Não vou citar um a um desta magnífica seleção, mas gostaria de registrar nomes de atletas inesquecíveis para quem é apaixonado pelo futebol, como o finado Félix (goleiro), o eterno capitão Carlos Alberto, o mineiro Tostão, Gérson, a "patada atômica" Rivelino, o "furacão" Jairzinho (o qual marcou gols em todos os jogos desta copa), o "xerife" Brito, o "lendário" massagista Mário Américo, que com suas mãos recuperou muitos jogadores da seleção, e não devemos esquecer do "velho lobo" Zagallo, chamado após a demissão do grande técnico João Saldanha.

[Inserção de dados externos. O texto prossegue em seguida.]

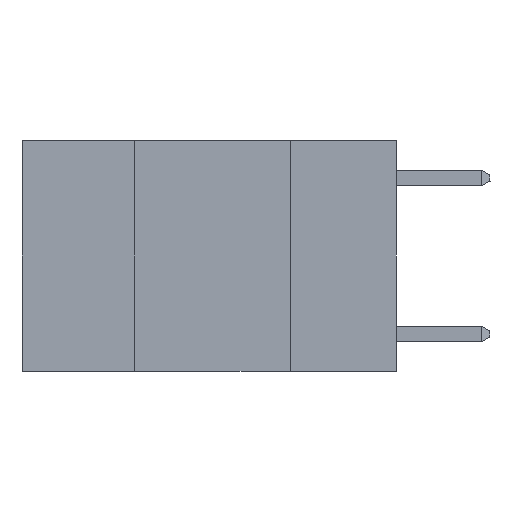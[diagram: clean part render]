
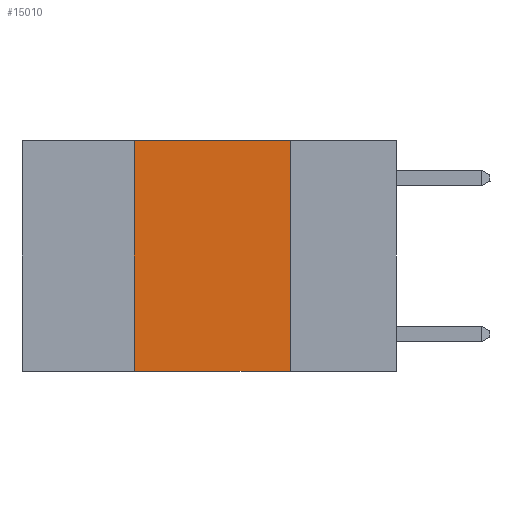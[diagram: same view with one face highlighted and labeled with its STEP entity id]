
A CAD part, left-side view. The second image highlights one B-rep face of the part: STEP entity #15010.
In plain terms, the highlighted planar face has unit normal (-1, 0, 0).
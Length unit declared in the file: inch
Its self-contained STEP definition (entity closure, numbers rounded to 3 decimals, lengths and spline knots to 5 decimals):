
#505 = EDGE_CURVE ( 'NONE', #16375, #27459, #26473, .T. ) ;
#1201 = CARTESIAN_POINT ( 'NONE',  ( 0., 0.42, 0. ) ) ;
#1992 = DIRECTION ( 'NONE',  ( 0., 0., -1. ) ) ;
#2550 = VERTEX_POINT ( 'NONE', #3588 ) ;
#3141 = LINE ( 'NONE', #11182, #25993 ) ;
#3517 = EDGE_CURVE ( 'NONE', #16375, #10227, #3141, .T. ) ;
#3588 = CARTESIAN_POINT ( 'NONE',  ( 0., 0.17, 0. ) ) ;
#4584 = DIRECTION ( 'NONE',  ( 0., -1., 0. ) ) ;
#4893 = AXIS2_PLACEMENT_3D ( 'NONE', #28470, #15281, #1992 ) ;
#4926 = DIRECTION ( 'NONE',  ( 0., 0., -1. ) ) ;
#5681 = VECTOR ( 'NONE', #4926, 39.37008 ) ;
#5819 = ORIENTED_EDGE ( 'NONE', *, *, #26214, .F. ) ;
#7316 = CARTESIAN_POINT ( 'NONE',  ( 0., 0.17, -0.37 ) ) ;
#8884 = VECTOR ( 'NONE', #18815, 39.37008 ) ;
#10227 = VERTEX_POINT ( 'NONE', #7316 ) ;
#10677 = DIRECTION ( 'NONE',  ( 0., -1., 0. ) ) ;
#11182 = CARTESIAN_POINT ( 'NONE',  ( 0., 0.6, -0.37 ) ) ;
#12002 = LINE ( 'NONE', #15059, #28175 ) ;
#13078 = PLANE ( 'NONE',  #4893 ) ;
#14342 = CARTESIAN_POINT ( 'NONE',  ( 0., 0.42, 0. ) ) ;
#14833 = ORIENTED_EDGE ( 'NONE', *, *, #27769, .F. ) ;
#15010 = ADVANCED_FACE ( 'NONE', ( #17676 ), #13078, .F. ) ;
#15059 = CARTESIAN_POINT ( 'NONE',  ( 0., 0.6, 0. ) ) ;
#15281 = DIRECTION ( 'NONE',  ( 1., 0., 0. ) ) ;
#15497 = ORIENTED_EDGE ( 'NONE', *, *, #505, .F. ) ;
#16150 = EDGE_LOOP ( 'NONE', ( #14833, #5819, #15497, #23804 ) ) ;
#16375 = VERTEX_POINT ( 'NONE', #26964 ) ;
#17676 = FACE_OUTER_BOUND ( 'NONE', #16150, .T. ) ;
#18815 = DIRECTION ( 'NONE',  ( 0., 0., 1. ) ) ;
#20328 = CARTESIAN_POINT ( 'NONE',  ( 0., 0.17, 0. ) ) ;
#23804 = ORIENTED_EDGE ( 'NONE', *, *, #3517, .T. ) ;
#24706 = LINE ( 'NONE', #20328, #5681 ) ;
#25993 = VECTOR ( 'NONE', #4584, 39.37008 ) ;
#26214 = EDGE_CURVE ( 'NONE', #27459, #2550, #12002, .T. ) ;
#26473 = LINE ( 'NONE', #14342, #8884 ) ;
#26964 = CARTESIAN_POINT ( 'NONE',  ( 0., 0.42, -0.37 ) ) ;
#27459 = VERTEX_POINT ( 'NONE', #1201 ) ;
#27769 = EDGE_CURVE ( 'NONE', #2550, #10227, #24706, .T. ) ;
#28175 = VECTOR ( 'NONE', #10677, 39.37008 ) ;
#28470 = CARTESIAN_POINT ( 'NONE',  ( 0., 0.6, 0. ) ) ;

Não devemos esquecer que o nosso furacão Jairzinho marcou um gol magnífico no melhor goleiro daquela época, Banks, da Inglaterra, jogo no qual o Brasil ganhou de 1 X 0. E, para finalizar, quero deixar registrado o gol que, na minha opinião, é o mais bonito de todos os gols de copas do mundo, o quarto gol da seleção Brasileira na Seleção Italiana, final da copa de 1970, marcado pelo eterno capitão Carlos Alberto, depois do maravilhoso passe de Pelé. Ambos, junto dos outros jogadores, ergueram a nossa taça Jules Rimet.